The Apply behavior circumvents a great number of mistakes but not all of them. If you make some change to a filter or to the pipeline itself and later find that you are not satisfied with the result, hit the Undo button. You can undo all the way back to the start of your ParaView session and redo all the way forward if you like. You can also undo and redo camera motion by using the camera undo and redo buttons located above each view window.
If on the other hand you are satisfied with your visualization results, you may want to save your work so that you can return to it at some future time. You can do so by using ParaView's Save State (File|Save State) and Save Trace (Tools | Save Trace) features. In either case, ParaView produces human readable text files (XML files for State and Python script for Trace) that can be restored or modified and restored later. This is very useful for batch processing, which is discussed in the Python Scripting chapter.
To save state means to save enough information about the ParaView session to restore it later and thus show exactly the same result. ParaView does so by saving the current visualization pipeline and parameters of the filters within it.
If you turn on a trace recording when you first start using ParaView, saving a trace can be used for the same purpose as saving state. However, a trace records all of your actions, including the ones that you later undo, as you do them. It is a more exact recording of not only what you did, but how you did it. Traces are saved as python scripts, which ParaView can play back in either batch mode or within an interactive GUI session. You can therefore use traces then to automate repetitive tasks by recording just that action. It is also an ideal tool to learn ParaView's python scripting API.
With small datasets it is usually sufficient to run ParaView as a single process on a small laptop or desktop class machine. For large datasets, a single machine is not likely to have enough processing power and, much more importantly, memory to process the data. In this situation you run an MPI parallel ParaView Server process on a large machine to do computationally and memory expensive data processing and/or rendering tasks and then connect to that server within the familiar GUI application.

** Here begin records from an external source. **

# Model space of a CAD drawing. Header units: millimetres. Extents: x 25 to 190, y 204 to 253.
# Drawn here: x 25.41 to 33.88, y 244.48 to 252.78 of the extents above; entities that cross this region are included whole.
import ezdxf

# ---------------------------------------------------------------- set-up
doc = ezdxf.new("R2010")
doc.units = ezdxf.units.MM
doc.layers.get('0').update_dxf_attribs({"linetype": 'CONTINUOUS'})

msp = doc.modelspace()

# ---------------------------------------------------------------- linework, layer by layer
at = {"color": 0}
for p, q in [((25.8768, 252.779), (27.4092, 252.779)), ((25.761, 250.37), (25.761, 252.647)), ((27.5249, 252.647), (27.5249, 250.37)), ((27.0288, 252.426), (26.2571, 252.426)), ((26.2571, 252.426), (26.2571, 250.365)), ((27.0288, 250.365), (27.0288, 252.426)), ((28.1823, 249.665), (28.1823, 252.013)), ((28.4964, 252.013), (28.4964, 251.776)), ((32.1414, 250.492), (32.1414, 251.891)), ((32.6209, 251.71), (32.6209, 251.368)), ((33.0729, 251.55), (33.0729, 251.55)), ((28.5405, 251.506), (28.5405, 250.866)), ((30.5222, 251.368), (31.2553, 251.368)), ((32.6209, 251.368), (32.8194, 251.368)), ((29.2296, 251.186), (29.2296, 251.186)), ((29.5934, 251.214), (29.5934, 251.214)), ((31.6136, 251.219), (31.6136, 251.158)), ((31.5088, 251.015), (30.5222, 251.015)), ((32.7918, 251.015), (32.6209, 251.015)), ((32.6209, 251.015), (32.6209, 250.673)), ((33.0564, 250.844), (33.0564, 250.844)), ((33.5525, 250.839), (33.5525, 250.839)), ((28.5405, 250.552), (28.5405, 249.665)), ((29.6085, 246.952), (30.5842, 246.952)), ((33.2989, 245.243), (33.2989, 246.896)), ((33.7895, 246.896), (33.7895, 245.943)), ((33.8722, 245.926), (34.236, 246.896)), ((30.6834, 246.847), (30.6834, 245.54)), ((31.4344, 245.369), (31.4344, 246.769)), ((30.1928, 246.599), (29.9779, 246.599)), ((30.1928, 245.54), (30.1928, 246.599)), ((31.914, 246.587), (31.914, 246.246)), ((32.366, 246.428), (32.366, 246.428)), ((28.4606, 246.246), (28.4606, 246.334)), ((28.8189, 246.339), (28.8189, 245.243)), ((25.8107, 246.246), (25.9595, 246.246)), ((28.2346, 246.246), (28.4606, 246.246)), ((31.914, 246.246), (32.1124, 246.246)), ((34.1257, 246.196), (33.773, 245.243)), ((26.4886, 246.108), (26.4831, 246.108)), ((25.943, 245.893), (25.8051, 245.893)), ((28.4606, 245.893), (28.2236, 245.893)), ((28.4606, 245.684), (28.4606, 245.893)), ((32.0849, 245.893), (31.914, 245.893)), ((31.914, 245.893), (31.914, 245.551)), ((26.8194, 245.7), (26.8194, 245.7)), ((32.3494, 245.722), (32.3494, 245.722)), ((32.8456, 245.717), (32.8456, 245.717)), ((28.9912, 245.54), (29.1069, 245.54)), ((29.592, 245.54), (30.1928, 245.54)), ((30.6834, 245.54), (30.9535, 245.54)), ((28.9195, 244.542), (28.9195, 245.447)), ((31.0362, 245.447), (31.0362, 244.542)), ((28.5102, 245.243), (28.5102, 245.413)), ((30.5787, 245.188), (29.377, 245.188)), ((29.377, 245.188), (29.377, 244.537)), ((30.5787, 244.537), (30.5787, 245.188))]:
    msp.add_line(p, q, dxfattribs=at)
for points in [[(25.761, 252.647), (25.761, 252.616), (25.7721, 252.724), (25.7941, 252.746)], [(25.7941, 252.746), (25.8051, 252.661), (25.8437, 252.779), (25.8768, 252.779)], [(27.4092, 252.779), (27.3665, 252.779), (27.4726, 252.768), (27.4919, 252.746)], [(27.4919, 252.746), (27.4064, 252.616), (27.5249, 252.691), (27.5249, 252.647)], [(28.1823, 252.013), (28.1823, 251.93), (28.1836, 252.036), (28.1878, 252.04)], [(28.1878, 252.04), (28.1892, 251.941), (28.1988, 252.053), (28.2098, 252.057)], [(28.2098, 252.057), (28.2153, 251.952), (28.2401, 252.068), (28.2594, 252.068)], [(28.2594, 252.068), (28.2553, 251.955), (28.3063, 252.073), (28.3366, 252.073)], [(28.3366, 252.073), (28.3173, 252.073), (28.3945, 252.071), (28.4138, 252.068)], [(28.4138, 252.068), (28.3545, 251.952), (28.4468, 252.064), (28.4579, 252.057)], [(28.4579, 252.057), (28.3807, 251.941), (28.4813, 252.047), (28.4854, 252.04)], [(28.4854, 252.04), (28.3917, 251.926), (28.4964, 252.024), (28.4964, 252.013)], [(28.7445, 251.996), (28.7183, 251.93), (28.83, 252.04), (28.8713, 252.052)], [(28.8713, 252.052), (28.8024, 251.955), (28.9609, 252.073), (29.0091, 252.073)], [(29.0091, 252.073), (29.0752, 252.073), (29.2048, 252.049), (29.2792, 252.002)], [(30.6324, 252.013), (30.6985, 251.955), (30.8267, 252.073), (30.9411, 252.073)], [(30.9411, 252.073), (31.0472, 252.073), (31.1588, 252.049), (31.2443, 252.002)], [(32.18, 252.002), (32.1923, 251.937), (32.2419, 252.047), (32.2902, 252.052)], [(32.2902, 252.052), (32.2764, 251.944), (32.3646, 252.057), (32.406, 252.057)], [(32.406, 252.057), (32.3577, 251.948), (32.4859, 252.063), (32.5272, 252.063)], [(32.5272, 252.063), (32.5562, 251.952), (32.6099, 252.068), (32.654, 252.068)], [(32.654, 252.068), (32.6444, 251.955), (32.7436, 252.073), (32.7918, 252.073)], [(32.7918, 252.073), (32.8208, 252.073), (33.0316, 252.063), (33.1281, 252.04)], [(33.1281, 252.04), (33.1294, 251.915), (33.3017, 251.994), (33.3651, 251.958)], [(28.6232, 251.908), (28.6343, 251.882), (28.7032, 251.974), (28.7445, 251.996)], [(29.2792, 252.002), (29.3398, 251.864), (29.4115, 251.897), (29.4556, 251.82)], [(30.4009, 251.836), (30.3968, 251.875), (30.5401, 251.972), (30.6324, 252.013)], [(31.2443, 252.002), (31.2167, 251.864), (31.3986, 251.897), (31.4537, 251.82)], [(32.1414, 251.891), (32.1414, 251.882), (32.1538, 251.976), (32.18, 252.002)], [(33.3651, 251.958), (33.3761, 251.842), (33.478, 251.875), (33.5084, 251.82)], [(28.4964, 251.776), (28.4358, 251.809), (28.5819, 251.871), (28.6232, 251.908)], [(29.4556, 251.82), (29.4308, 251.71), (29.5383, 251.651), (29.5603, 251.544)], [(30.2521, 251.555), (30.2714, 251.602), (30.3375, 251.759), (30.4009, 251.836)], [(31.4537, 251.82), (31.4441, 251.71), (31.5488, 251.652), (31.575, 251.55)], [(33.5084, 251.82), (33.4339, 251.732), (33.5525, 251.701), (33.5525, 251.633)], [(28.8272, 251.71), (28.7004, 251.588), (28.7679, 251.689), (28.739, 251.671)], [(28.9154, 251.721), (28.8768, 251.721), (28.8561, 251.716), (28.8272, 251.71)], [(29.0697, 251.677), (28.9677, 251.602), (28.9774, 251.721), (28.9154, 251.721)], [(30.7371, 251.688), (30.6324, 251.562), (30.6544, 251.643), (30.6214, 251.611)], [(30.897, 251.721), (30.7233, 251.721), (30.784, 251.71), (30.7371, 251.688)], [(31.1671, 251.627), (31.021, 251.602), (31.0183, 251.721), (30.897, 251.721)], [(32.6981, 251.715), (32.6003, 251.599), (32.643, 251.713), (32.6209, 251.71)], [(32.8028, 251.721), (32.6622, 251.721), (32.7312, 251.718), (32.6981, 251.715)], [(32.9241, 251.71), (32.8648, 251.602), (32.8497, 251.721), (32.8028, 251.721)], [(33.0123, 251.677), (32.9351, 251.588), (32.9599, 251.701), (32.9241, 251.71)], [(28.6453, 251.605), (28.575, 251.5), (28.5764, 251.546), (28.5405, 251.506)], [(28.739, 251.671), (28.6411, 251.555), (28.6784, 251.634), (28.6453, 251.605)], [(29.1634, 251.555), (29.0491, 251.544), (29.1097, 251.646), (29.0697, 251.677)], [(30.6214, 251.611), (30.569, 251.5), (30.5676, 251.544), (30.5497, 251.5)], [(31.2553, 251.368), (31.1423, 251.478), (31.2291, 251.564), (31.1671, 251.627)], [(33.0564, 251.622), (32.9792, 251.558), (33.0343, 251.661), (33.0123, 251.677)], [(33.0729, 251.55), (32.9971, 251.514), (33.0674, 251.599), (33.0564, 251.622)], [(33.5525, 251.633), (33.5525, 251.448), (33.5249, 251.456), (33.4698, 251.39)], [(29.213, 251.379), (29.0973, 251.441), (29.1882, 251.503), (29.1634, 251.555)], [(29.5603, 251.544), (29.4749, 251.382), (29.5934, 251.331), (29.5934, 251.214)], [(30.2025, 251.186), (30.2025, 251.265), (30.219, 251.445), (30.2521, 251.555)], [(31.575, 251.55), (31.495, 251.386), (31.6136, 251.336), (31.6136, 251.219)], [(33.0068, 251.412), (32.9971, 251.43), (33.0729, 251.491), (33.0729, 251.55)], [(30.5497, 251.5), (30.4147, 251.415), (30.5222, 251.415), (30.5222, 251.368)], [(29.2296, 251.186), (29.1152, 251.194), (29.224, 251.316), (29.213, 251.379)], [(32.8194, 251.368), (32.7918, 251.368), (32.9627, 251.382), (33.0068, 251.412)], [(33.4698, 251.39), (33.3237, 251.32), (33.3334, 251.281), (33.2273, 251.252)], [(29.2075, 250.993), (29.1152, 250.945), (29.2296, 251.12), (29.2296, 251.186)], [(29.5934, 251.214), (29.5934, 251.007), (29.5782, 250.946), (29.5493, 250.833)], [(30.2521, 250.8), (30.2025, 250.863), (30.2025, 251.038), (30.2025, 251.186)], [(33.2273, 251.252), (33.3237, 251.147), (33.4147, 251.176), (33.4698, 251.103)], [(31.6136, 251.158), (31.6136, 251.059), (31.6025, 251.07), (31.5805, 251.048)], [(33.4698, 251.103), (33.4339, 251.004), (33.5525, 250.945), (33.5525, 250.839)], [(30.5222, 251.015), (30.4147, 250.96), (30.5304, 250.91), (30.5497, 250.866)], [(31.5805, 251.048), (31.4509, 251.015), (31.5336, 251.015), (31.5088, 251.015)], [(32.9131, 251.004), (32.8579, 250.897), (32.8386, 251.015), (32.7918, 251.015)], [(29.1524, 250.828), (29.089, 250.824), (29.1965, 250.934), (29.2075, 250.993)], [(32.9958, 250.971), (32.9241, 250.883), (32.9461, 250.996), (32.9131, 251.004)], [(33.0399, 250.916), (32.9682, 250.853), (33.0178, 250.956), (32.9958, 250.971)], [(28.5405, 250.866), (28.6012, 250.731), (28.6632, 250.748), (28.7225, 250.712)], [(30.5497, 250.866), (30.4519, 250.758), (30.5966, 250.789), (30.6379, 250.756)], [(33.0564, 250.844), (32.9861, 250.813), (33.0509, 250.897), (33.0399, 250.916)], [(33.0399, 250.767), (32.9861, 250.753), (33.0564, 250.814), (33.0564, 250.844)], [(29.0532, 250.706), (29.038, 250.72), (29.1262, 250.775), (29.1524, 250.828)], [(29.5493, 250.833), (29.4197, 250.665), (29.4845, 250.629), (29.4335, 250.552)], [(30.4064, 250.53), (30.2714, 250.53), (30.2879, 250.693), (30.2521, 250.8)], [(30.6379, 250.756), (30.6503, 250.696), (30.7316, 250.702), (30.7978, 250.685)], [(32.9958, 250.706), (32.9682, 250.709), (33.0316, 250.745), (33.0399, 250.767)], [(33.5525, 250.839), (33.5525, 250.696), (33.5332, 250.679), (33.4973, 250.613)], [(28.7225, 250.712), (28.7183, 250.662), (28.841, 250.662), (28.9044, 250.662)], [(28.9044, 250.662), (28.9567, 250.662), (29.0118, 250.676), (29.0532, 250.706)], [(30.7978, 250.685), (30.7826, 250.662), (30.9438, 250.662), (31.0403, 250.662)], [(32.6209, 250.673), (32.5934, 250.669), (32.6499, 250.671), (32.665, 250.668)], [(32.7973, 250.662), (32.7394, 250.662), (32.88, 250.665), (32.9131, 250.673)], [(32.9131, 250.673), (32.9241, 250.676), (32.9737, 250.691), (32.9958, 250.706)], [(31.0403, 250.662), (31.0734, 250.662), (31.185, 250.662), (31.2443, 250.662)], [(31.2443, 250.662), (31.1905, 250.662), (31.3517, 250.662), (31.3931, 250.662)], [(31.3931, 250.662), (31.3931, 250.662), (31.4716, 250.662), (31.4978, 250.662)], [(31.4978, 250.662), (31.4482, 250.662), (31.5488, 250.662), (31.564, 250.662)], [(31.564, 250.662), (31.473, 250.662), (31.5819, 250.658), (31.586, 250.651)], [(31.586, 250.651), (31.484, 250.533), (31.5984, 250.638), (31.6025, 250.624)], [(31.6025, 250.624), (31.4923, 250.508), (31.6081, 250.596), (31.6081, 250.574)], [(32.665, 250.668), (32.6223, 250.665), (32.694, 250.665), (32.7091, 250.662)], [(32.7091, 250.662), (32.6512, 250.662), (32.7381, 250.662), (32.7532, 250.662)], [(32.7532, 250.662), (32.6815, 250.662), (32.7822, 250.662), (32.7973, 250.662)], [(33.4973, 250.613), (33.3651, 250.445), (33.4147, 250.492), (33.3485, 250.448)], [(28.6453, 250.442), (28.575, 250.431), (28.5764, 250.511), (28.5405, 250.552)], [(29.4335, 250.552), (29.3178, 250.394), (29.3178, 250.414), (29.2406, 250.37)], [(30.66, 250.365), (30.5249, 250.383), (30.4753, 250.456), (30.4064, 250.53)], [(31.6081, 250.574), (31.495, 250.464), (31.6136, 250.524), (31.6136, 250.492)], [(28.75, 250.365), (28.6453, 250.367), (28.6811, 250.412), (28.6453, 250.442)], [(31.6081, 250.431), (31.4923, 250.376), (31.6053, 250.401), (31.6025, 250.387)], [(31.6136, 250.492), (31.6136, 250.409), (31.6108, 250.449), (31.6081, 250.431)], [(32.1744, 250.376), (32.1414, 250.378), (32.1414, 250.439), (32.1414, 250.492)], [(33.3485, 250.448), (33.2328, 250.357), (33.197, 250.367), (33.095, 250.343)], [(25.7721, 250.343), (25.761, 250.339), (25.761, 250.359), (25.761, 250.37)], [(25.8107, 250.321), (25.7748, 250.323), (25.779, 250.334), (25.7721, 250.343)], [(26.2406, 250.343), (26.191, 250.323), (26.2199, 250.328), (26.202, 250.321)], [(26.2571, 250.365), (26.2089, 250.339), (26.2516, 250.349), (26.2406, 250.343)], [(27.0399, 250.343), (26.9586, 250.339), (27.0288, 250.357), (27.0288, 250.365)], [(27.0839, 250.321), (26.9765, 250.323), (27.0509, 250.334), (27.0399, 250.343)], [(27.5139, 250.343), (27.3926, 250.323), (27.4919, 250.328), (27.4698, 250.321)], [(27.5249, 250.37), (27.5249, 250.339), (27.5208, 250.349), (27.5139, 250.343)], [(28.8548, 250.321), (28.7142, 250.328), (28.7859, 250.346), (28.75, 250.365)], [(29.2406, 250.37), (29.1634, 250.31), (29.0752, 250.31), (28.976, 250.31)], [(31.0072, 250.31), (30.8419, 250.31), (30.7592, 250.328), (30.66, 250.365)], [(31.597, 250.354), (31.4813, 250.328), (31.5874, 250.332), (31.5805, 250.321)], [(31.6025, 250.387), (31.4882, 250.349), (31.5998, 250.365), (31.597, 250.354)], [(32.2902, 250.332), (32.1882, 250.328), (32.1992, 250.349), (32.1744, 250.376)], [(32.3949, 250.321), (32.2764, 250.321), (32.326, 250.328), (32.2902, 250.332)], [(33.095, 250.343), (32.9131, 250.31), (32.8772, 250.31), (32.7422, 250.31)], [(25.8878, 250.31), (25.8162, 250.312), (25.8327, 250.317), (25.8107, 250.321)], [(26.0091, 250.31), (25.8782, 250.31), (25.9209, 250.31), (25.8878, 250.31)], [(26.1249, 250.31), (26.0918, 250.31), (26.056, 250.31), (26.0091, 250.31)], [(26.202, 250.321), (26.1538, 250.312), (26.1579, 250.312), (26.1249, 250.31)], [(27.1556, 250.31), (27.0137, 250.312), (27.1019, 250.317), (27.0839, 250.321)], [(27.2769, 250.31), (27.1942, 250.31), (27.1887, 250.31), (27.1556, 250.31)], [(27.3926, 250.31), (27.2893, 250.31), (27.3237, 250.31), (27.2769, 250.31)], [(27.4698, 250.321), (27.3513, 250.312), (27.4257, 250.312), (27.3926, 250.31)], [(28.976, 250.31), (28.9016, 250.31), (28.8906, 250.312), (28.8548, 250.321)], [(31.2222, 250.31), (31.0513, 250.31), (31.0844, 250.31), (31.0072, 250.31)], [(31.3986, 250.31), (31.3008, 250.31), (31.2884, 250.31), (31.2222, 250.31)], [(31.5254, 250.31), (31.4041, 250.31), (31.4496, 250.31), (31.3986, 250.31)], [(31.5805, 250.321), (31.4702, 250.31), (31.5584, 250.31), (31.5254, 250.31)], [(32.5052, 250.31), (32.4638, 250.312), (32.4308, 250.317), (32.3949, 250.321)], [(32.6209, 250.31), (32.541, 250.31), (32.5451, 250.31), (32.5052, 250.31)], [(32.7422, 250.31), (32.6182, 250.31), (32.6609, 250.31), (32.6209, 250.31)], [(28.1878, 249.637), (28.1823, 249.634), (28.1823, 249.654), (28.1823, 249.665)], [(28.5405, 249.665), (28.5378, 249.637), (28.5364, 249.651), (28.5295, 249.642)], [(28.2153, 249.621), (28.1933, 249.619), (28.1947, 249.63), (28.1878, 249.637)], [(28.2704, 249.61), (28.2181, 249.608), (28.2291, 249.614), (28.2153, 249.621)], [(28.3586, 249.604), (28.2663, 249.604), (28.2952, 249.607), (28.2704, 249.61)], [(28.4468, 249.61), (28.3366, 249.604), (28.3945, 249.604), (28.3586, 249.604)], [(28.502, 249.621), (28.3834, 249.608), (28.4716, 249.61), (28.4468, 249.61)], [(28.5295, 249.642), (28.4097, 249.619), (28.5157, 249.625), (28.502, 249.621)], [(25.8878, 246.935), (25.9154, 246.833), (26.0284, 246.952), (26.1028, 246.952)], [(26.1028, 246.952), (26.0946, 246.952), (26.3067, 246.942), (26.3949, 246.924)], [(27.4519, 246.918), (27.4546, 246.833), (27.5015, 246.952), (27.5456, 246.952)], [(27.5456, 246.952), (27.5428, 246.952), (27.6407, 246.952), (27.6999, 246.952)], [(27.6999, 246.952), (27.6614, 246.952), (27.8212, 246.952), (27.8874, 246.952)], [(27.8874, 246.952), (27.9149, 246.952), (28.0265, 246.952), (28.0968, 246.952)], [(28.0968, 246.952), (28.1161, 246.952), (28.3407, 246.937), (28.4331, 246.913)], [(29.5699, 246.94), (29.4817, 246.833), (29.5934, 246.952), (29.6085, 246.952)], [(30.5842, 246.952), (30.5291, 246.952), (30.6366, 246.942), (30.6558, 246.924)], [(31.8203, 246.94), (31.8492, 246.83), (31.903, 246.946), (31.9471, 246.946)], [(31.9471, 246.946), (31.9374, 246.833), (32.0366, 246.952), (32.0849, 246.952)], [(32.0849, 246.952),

When connected to a remote server the only difference you will see will be that the visualization pipeline displayed in the Pipeline Browser will begin with the name of the server you are connected to rather than the word 'builtin' which indicates that you are connected to a virtual server residing in the same process as the GUI. When connected to a remote server, the File Open dialog presents the list of files that live on the remote machine's file system rather than the client's. Depending on the server's capabilities, the data size and your application settings (Edit|Settings|Render View|Server) the data will either be rendered remotely and pixels will be sent to the client or the geometry will be delivered and rendered locally. Large data visualization is described fully in the Client Server Visualization Chapter.